Dataset excerpts:
= = =

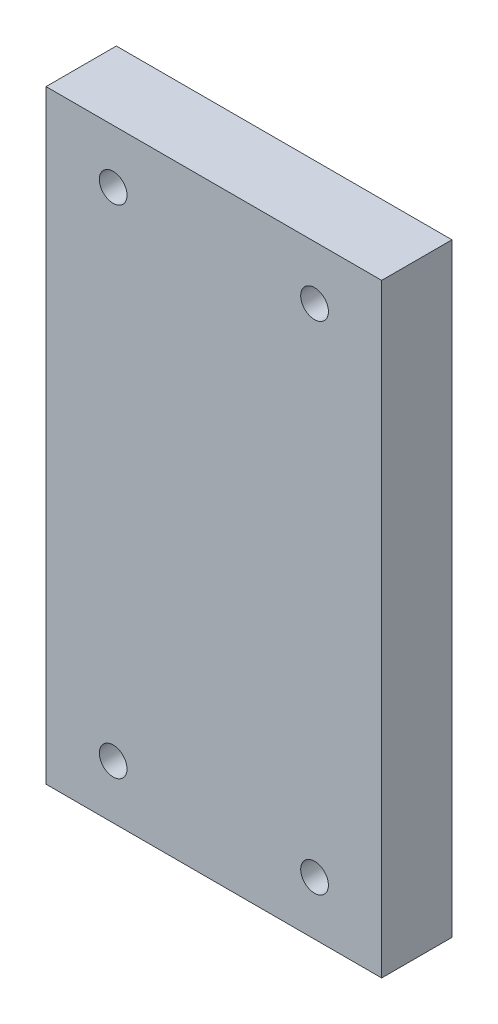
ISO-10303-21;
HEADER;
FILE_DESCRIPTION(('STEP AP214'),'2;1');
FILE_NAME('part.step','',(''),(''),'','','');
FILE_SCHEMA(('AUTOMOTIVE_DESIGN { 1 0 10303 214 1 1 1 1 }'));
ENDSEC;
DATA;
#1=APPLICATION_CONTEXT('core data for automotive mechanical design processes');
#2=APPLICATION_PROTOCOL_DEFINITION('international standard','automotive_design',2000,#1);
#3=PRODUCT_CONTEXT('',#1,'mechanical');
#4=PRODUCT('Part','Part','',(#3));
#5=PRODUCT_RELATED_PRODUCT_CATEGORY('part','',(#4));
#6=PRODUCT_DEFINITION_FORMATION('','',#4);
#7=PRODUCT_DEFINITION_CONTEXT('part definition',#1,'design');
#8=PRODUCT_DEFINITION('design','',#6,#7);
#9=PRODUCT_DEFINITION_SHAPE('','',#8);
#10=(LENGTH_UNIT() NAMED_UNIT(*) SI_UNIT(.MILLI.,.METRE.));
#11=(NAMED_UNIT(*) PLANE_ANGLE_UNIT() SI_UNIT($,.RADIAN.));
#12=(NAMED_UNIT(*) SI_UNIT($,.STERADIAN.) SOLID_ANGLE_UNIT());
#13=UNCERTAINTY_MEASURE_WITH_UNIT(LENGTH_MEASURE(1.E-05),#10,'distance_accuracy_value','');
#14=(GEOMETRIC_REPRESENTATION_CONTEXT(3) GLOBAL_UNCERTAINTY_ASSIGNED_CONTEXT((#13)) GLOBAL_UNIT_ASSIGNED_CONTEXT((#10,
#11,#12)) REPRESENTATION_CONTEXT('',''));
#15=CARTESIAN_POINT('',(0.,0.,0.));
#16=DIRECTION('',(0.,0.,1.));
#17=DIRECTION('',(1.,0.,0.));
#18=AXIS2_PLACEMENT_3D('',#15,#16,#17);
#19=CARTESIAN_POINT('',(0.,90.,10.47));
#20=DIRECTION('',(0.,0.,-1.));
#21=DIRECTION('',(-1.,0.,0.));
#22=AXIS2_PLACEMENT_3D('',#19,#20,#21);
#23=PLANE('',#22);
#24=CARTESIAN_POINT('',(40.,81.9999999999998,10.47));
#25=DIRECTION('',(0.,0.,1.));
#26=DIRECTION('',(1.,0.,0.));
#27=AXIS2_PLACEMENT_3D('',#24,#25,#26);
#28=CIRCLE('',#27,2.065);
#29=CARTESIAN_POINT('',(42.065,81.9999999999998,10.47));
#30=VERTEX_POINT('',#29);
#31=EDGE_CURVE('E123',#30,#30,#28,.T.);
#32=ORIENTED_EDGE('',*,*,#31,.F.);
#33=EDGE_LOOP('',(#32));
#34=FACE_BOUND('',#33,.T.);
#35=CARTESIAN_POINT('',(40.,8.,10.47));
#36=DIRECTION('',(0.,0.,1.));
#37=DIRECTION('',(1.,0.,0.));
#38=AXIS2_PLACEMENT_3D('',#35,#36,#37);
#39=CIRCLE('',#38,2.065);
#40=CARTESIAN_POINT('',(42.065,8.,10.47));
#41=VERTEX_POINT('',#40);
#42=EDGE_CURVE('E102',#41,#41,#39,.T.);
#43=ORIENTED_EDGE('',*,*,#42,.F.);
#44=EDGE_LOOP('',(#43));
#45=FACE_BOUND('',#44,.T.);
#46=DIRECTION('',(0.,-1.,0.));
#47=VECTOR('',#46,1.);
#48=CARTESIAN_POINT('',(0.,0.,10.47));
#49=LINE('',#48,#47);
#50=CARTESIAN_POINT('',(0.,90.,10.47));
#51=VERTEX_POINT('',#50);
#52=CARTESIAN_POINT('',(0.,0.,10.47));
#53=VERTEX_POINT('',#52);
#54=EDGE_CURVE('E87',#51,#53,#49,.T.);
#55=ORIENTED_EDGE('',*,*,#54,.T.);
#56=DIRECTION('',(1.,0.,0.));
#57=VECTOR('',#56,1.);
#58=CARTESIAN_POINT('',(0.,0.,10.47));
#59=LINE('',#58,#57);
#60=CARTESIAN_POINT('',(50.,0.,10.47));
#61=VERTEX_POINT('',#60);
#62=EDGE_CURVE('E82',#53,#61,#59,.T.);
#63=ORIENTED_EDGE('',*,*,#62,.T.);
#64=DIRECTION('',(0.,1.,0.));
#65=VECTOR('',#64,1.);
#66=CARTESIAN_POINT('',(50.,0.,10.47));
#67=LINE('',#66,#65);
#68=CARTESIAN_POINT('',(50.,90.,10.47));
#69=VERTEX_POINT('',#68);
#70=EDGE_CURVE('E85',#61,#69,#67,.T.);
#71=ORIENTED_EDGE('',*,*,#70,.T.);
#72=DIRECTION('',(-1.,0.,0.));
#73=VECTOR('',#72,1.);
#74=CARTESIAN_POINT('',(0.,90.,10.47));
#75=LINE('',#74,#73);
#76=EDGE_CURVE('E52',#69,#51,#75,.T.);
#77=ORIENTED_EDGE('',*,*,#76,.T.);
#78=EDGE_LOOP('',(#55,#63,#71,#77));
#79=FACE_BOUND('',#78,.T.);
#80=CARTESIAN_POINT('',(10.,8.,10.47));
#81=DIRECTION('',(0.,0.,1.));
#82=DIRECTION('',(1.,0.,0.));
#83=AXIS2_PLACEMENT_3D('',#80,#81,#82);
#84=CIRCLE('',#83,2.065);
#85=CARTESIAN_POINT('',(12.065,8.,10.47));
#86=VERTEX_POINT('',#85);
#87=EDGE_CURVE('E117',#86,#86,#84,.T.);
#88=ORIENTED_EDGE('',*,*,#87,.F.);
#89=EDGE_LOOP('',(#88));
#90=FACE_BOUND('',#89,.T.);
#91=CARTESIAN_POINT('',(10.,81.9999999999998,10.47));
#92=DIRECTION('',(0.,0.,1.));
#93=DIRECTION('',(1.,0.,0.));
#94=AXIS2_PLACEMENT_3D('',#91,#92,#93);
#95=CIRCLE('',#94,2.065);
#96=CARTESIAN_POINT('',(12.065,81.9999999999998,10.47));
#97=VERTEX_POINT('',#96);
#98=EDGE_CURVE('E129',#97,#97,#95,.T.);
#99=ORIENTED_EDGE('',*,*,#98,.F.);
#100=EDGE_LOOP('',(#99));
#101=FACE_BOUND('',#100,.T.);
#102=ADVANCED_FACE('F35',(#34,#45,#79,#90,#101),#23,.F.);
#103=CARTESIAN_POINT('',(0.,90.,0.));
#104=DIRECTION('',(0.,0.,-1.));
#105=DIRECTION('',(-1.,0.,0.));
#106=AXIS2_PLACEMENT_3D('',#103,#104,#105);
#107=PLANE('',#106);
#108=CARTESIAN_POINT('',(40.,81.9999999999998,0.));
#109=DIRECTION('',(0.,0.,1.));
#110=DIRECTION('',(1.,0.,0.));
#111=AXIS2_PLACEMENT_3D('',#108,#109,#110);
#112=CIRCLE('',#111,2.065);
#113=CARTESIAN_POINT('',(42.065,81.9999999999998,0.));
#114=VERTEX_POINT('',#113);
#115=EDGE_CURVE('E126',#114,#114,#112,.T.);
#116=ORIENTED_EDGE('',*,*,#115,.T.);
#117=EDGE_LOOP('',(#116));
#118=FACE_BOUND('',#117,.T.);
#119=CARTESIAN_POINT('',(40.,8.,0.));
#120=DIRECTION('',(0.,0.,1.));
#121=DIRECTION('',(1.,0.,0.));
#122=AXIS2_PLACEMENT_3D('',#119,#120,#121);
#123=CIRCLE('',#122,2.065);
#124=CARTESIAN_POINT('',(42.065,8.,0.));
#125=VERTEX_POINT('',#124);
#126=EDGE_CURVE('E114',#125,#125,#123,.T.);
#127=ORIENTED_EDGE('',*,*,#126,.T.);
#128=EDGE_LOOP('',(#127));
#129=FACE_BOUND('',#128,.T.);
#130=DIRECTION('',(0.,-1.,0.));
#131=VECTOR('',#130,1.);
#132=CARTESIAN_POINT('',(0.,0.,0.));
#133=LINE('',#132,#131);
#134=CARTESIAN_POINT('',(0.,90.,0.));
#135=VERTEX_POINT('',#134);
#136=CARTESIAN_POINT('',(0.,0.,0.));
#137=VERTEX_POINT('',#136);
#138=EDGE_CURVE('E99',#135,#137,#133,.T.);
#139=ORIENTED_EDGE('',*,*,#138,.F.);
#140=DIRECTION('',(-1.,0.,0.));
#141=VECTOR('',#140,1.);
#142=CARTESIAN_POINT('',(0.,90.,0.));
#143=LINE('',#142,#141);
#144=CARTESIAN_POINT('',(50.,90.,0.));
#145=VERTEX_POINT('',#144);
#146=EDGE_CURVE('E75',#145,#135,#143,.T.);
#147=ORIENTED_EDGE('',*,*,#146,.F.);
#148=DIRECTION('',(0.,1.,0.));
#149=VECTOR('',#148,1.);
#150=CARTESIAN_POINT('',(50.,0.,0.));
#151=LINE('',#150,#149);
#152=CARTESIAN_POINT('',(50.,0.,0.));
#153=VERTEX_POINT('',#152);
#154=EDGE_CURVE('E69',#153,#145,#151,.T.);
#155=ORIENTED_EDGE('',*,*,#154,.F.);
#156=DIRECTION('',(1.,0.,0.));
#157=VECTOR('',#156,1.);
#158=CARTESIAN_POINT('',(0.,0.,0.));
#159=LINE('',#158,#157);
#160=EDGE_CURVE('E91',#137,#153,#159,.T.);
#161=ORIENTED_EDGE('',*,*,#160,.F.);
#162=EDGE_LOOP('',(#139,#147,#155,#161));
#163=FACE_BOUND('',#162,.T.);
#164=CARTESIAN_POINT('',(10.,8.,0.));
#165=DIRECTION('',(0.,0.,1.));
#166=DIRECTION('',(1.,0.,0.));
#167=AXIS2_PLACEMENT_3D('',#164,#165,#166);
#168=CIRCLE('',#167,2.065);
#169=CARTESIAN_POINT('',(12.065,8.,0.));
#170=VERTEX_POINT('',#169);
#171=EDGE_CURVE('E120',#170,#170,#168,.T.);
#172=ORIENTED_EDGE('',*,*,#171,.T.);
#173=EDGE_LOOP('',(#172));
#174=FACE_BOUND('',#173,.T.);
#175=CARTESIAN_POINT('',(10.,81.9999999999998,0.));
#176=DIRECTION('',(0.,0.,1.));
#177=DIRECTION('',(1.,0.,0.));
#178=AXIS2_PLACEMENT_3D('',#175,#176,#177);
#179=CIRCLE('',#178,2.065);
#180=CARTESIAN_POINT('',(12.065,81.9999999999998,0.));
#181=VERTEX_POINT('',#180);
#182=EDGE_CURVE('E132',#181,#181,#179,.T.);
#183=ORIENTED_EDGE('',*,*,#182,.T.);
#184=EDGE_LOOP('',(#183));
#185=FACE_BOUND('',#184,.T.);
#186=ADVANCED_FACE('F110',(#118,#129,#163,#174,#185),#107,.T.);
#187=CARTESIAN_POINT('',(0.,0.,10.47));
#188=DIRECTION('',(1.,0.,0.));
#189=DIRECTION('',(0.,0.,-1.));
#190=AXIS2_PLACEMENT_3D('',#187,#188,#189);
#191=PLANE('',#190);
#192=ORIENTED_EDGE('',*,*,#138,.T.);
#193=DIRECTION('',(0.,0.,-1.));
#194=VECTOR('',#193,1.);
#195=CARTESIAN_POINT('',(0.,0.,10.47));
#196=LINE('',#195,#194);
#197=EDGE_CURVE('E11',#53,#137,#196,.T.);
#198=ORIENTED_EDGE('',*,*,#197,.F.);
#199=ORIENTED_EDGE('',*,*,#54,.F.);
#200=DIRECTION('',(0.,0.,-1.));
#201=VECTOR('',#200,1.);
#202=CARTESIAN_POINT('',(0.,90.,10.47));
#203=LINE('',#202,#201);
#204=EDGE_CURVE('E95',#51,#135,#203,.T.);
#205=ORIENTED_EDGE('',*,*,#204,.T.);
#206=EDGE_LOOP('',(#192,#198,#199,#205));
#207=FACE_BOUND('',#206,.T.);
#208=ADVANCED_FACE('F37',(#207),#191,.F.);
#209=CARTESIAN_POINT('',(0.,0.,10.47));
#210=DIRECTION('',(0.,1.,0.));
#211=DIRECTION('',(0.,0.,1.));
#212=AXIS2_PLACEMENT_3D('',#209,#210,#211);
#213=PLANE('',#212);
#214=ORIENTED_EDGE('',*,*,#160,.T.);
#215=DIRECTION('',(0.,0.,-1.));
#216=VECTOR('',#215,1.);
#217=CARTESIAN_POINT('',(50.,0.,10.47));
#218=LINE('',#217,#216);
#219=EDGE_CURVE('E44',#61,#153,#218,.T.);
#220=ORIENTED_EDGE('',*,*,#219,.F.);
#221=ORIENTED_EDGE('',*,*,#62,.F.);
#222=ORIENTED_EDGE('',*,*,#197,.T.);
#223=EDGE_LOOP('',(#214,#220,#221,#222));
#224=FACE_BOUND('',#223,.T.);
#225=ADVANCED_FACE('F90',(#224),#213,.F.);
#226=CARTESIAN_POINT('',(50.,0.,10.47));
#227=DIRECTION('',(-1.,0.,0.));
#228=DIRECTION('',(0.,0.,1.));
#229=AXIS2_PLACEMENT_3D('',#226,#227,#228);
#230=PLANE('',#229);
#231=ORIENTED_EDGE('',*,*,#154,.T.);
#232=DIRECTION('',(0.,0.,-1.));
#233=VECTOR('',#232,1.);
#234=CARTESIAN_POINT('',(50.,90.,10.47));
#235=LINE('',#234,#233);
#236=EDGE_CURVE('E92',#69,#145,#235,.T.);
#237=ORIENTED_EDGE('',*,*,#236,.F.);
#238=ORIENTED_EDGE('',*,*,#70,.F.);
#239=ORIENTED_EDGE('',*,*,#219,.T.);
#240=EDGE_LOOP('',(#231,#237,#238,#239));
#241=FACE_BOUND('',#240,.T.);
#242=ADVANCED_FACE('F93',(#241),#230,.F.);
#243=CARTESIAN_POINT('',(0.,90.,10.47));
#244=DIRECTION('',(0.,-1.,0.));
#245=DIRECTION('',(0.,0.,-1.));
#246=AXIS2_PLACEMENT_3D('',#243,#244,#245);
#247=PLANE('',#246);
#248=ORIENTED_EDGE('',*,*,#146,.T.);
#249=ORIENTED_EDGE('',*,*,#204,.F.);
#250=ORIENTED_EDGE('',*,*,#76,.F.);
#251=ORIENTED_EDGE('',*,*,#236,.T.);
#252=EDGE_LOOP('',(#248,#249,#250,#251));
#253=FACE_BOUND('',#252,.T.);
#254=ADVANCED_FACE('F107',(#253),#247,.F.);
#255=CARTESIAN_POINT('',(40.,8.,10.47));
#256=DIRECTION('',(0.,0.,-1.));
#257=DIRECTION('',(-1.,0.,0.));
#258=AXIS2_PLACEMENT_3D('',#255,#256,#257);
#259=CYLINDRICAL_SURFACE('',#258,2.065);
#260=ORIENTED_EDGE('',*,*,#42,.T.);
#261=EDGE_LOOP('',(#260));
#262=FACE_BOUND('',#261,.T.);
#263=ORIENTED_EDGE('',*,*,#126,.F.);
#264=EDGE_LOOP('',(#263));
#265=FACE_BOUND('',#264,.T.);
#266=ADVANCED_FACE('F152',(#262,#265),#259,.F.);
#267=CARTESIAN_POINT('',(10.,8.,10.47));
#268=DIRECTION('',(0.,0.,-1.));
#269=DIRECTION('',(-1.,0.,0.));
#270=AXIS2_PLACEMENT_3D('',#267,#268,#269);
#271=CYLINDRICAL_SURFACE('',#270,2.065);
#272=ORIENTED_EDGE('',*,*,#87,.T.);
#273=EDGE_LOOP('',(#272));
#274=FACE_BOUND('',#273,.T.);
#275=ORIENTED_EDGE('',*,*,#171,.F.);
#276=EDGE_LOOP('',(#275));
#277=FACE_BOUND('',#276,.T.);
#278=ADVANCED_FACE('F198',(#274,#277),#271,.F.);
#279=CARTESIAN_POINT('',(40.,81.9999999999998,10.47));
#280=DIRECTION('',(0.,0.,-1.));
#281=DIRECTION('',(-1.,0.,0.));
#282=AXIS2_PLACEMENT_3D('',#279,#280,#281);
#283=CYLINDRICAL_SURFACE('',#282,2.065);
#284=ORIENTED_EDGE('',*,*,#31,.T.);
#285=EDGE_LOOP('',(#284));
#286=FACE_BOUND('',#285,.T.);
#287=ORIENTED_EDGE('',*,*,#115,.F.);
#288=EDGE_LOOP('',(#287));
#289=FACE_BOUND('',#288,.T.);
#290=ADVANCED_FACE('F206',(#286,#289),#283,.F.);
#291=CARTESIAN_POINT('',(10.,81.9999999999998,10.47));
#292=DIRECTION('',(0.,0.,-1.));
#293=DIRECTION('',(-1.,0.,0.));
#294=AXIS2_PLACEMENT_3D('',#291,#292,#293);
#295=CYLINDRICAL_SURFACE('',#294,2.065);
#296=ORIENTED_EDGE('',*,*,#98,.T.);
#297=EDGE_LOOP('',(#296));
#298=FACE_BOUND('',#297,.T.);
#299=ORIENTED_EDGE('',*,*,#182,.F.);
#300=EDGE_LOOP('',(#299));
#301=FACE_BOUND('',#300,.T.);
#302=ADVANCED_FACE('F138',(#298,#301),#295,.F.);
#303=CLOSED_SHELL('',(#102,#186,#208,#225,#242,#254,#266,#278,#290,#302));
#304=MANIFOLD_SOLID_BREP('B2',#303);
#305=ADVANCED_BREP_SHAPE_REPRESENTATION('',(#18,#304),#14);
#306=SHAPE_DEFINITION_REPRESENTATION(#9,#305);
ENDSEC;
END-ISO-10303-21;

= = =

■ **Task prompt**:
Every line in the data that holds the string "VECTOR" should be copied.

■ **Solution**:
#47=VECTOR('',#46,1.);
#57=VECTOR('',#56,1.);
#65=VECTOR('',#64,1.);
#73=VECTOR('',#72,1.);
#131=VECTOR('',#130,1.);
#141=VECTOR('',#140,1.);
#149=VECTOR('',#148,1.);
#157=VECTOR('',#156,1.);
#194=VECTOR('',#193,1.);
#201=VECTOR('',#200,1.);
#216=VECTOR('',#215,1.);
#233=VECTOR('',#232,1.);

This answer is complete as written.